Keynote/Invited speakers

  • Byoung-Tak Zhang, Seoul National University
    He is a POSCO Chair professor of Computer Science and Engineering, Seoul National University (SNU) and Director of the SNU Artificial Intelligence Insitute. He has served as President of the Korean Society for Artificial Intelligence (2010-2013) and of the Korean Society for Cognitive Science (2016-2017). He received his PhD in computer science from University of Bonn, Germany in 1992 and his BS and MS in computer science and engineering from Seoul National University, Korea in 1986 and 1988, respectively.
    Title: "Embodied AI: Machine Learning to Learning Machines"
    Abstract: Machine learning (including deep learning) has changed the paradigm of AI from rule-based “manual” programming to data-driven “automatic” programming. However, the current paradigm of machine learning requires some external system that provides them with data, making their scalability limited. Here we argue that the learner can feed itself the data autonomously if it is embodied, i.e. equipped with sensors and actuators. With the perception-action cycle the embodied AI can continually learn to solve problems in a self-teaching way by doing new actions, observing their outcomes, and correcting their own predictions like the humans and animals do. In this talk, I will show some of our studies in this direction of “(embodied) learning machine” research and discuss its implications for achieving truly human-level general AI.



  • Yonatan Bisk, Carnegie Mellon University
    He is an assistant professor of computer science in Carnegie Mellon's Language Technologies Institute. His group works on grounded and embodied natural language processing, placing perception and interaction as central to how language is learned and understood. Previously, he received his PhD from the University of Illinois at Urbana-Champaign working on unsupervised Bayesian models of syntax, before spending time at USC's ISI (working on grounding), the University of Washington (for commonsense research), and Microsoft Research (for vision+language).
    Title: "Following Instructions and Asking Questions"
    Abstract: As we move towards the creation of embodied agents that understand natural language, several new challenges and complexities arise for grounding (e.g. complex state-spaces), planning (e.g. long horizons), and social interaction (e.g. asking for help or clarifications). In this talk, I'll discuss several recent results both on improvements to embodied instruction following within ALFRED and initial steps towards building agents that ask questions or model theory-of-mind.

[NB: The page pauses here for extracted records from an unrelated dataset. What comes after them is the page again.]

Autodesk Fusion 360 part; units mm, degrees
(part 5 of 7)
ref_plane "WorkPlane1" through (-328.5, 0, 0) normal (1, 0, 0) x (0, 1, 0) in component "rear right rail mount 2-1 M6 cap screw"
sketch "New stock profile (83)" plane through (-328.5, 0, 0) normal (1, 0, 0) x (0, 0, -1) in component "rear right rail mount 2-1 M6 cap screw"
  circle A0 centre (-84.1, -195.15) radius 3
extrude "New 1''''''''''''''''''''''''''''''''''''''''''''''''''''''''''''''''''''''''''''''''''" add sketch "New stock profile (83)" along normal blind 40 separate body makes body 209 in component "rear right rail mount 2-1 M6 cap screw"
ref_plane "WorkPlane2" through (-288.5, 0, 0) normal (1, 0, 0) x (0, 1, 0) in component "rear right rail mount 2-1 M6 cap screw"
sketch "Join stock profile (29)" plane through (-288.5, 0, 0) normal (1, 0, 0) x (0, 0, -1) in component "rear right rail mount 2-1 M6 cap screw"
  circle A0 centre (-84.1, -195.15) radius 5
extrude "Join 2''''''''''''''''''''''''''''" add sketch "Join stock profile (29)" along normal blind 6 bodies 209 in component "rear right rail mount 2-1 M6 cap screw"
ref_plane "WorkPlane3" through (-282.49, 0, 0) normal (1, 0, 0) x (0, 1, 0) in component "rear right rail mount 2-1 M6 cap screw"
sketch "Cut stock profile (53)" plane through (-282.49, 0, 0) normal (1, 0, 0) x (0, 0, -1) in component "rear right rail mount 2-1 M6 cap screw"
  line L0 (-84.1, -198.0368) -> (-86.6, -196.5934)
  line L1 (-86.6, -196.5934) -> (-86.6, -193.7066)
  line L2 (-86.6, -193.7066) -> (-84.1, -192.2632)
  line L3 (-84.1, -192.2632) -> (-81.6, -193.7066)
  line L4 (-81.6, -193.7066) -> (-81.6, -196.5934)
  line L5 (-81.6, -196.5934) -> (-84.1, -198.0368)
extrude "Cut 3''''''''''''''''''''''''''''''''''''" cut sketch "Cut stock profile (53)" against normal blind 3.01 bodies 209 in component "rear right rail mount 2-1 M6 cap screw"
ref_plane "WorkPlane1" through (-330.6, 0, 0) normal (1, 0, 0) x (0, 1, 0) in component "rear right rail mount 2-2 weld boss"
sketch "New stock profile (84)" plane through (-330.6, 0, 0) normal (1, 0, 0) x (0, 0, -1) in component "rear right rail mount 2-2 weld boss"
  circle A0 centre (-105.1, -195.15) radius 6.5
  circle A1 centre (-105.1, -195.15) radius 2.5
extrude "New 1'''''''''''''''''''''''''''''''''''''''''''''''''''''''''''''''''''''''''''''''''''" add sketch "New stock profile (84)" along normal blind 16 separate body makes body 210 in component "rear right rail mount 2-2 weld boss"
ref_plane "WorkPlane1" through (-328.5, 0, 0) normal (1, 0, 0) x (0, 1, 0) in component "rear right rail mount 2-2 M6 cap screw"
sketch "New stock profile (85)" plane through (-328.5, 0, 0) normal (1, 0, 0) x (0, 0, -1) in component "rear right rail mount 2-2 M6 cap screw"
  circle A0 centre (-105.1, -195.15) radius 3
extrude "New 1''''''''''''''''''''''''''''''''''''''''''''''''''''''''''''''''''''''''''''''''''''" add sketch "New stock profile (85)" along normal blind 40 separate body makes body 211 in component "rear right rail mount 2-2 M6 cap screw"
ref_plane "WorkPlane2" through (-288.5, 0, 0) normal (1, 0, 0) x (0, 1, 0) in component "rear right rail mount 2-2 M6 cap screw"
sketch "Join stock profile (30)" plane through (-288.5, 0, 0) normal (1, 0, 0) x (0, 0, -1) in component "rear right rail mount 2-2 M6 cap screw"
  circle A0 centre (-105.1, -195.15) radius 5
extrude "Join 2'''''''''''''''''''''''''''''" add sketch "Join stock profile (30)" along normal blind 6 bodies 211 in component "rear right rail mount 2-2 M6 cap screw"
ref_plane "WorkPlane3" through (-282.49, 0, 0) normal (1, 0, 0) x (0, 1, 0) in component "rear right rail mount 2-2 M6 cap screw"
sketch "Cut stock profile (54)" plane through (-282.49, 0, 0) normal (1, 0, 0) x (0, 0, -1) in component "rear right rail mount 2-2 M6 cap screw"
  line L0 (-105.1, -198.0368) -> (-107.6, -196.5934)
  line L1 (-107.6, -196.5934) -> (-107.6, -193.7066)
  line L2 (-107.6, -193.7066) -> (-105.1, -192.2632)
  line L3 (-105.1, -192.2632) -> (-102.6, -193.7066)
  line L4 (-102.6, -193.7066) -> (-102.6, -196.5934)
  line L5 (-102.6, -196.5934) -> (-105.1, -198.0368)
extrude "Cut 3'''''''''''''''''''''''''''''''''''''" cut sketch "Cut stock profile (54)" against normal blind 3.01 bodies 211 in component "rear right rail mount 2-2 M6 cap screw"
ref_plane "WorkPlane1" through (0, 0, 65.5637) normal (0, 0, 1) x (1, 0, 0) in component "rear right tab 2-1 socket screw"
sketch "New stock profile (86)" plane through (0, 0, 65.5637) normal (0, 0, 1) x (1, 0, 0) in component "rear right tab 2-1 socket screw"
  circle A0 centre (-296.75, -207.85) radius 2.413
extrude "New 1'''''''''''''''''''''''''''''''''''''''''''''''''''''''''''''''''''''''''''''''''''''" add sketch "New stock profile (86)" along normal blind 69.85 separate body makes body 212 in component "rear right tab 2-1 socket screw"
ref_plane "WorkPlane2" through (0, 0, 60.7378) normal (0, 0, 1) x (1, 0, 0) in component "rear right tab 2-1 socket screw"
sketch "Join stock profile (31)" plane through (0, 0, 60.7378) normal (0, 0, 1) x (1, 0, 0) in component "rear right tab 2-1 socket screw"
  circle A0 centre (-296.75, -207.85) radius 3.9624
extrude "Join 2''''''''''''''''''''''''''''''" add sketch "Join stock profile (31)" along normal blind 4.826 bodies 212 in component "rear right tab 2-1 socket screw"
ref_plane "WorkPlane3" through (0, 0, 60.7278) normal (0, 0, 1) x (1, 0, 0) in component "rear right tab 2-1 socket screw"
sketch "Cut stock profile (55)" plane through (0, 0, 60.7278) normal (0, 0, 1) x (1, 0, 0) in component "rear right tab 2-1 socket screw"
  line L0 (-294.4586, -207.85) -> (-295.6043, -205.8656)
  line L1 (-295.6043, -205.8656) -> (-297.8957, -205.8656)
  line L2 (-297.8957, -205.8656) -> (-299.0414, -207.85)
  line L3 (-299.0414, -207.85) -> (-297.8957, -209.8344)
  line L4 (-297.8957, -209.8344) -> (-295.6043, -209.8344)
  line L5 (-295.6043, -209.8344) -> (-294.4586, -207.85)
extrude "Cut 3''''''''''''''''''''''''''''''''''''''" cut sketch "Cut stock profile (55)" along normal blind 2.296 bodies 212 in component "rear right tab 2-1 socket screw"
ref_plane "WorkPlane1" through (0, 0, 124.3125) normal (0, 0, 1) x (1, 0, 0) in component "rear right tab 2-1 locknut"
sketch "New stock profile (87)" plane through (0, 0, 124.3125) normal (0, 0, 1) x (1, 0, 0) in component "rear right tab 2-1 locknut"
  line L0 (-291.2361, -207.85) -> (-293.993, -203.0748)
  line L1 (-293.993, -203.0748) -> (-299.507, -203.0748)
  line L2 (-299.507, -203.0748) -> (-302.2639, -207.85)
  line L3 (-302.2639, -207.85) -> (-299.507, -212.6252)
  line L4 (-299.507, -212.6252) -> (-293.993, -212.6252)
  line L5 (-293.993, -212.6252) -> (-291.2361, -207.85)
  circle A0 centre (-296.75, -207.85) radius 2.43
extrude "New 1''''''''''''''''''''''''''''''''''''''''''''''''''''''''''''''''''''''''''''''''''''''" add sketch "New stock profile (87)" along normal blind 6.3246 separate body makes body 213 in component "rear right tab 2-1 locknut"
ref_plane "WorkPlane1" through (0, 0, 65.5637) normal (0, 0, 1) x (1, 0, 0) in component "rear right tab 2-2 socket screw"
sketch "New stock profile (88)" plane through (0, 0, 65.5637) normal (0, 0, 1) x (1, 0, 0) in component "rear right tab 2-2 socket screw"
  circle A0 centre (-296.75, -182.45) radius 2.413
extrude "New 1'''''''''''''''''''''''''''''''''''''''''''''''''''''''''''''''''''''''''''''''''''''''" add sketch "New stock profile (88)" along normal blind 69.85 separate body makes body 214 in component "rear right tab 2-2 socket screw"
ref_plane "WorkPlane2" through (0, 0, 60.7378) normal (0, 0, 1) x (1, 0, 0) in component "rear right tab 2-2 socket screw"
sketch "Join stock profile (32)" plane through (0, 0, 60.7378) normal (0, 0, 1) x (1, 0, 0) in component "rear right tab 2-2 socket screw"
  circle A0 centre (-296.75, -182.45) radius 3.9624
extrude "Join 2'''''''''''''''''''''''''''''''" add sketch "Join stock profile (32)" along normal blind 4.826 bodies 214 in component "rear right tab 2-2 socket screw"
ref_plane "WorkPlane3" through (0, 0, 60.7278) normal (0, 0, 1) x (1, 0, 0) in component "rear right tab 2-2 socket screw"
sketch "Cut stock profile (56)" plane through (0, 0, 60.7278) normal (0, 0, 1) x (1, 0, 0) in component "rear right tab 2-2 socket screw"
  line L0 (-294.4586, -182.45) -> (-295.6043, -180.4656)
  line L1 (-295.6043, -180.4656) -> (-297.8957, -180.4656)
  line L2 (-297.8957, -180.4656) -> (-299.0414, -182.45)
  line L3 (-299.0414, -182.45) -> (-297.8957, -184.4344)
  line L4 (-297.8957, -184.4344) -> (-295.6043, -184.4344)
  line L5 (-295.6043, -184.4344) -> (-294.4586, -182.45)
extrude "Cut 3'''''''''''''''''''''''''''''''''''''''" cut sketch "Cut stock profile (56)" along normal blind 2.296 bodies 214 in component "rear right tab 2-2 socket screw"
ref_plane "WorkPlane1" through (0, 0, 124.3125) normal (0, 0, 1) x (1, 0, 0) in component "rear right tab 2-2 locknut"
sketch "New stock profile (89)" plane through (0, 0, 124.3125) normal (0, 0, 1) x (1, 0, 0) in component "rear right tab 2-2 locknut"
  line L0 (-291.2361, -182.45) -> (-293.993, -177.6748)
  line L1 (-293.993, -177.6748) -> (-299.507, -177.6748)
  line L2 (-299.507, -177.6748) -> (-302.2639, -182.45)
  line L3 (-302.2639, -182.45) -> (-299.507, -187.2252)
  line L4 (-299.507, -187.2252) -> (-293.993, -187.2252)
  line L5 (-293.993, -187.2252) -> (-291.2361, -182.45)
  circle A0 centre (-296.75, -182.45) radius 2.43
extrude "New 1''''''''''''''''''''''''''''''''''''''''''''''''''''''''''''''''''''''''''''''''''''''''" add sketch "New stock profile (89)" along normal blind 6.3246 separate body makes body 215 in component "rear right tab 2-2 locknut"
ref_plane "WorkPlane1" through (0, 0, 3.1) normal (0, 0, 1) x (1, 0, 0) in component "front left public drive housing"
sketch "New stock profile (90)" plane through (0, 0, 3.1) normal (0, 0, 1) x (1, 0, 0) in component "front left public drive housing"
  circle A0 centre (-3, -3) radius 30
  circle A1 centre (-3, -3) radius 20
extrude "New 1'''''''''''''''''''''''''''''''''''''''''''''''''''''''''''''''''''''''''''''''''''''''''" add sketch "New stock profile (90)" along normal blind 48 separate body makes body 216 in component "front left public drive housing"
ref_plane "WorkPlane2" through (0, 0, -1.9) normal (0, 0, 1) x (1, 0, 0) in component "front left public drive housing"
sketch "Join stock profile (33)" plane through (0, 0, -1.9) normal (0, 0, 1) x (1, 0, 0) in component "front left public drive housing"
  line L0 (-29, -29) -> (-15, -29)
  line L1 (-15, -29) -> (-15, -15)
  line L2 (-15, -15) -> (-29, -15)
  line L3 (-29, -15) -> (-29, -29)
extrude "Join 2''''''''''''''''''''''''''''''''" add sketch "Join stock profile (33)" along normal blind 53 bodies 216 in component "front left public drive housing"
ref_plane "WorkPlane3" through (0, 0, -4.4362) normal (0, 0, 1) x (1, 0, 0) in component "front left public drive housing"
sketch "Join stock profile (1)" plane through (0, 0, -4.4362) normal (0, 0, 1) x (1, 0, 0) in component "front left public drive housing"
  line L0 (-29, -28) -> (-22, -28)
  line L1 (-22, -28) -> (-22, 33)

  • Saurabh Gupta, University of Illinois Urbana-Champaign
    He is an Assistant Professor in the ECE Department at UIUC. Before starting at UIUC, he received his Ph.D. from UC berkeley in 2018 and spent the following year as a Research Scientist at Facebook AI Research in Pittsburgh. His research interests span computer vision, robotics, and machine learning, with a focus on building agents that can intelligently interact with the physical world around them. He received the President's Gold Medal at IIT Delhi in 2011, the Google Fellowship in Computer Vision in 2015, an Amazon Research Award in 2020, and a NSF CAREER Award in 2022.
    Title: "Scaling Robot Learning by Understanding Videos"
    Abstract: True gains of machine learning in AI sub-fields such as computer vision and natural language processing have come about from the use of large-scale diverse datasets for learning. In this talk, I will discuss if and how we can leverage large-scale diverse data in the form of egocentric videos (first-person videos of humans conducting different tasks) to similarly scale up policy learning for robots. I will discuss the challenges this presents, and some of our initial efforts towards tackling them. In particular, I will describe techniques to acquire low-level visuomotor subroutines, high-level value functions, and an interactive understanding of objects from in-the-wild egocentric videos.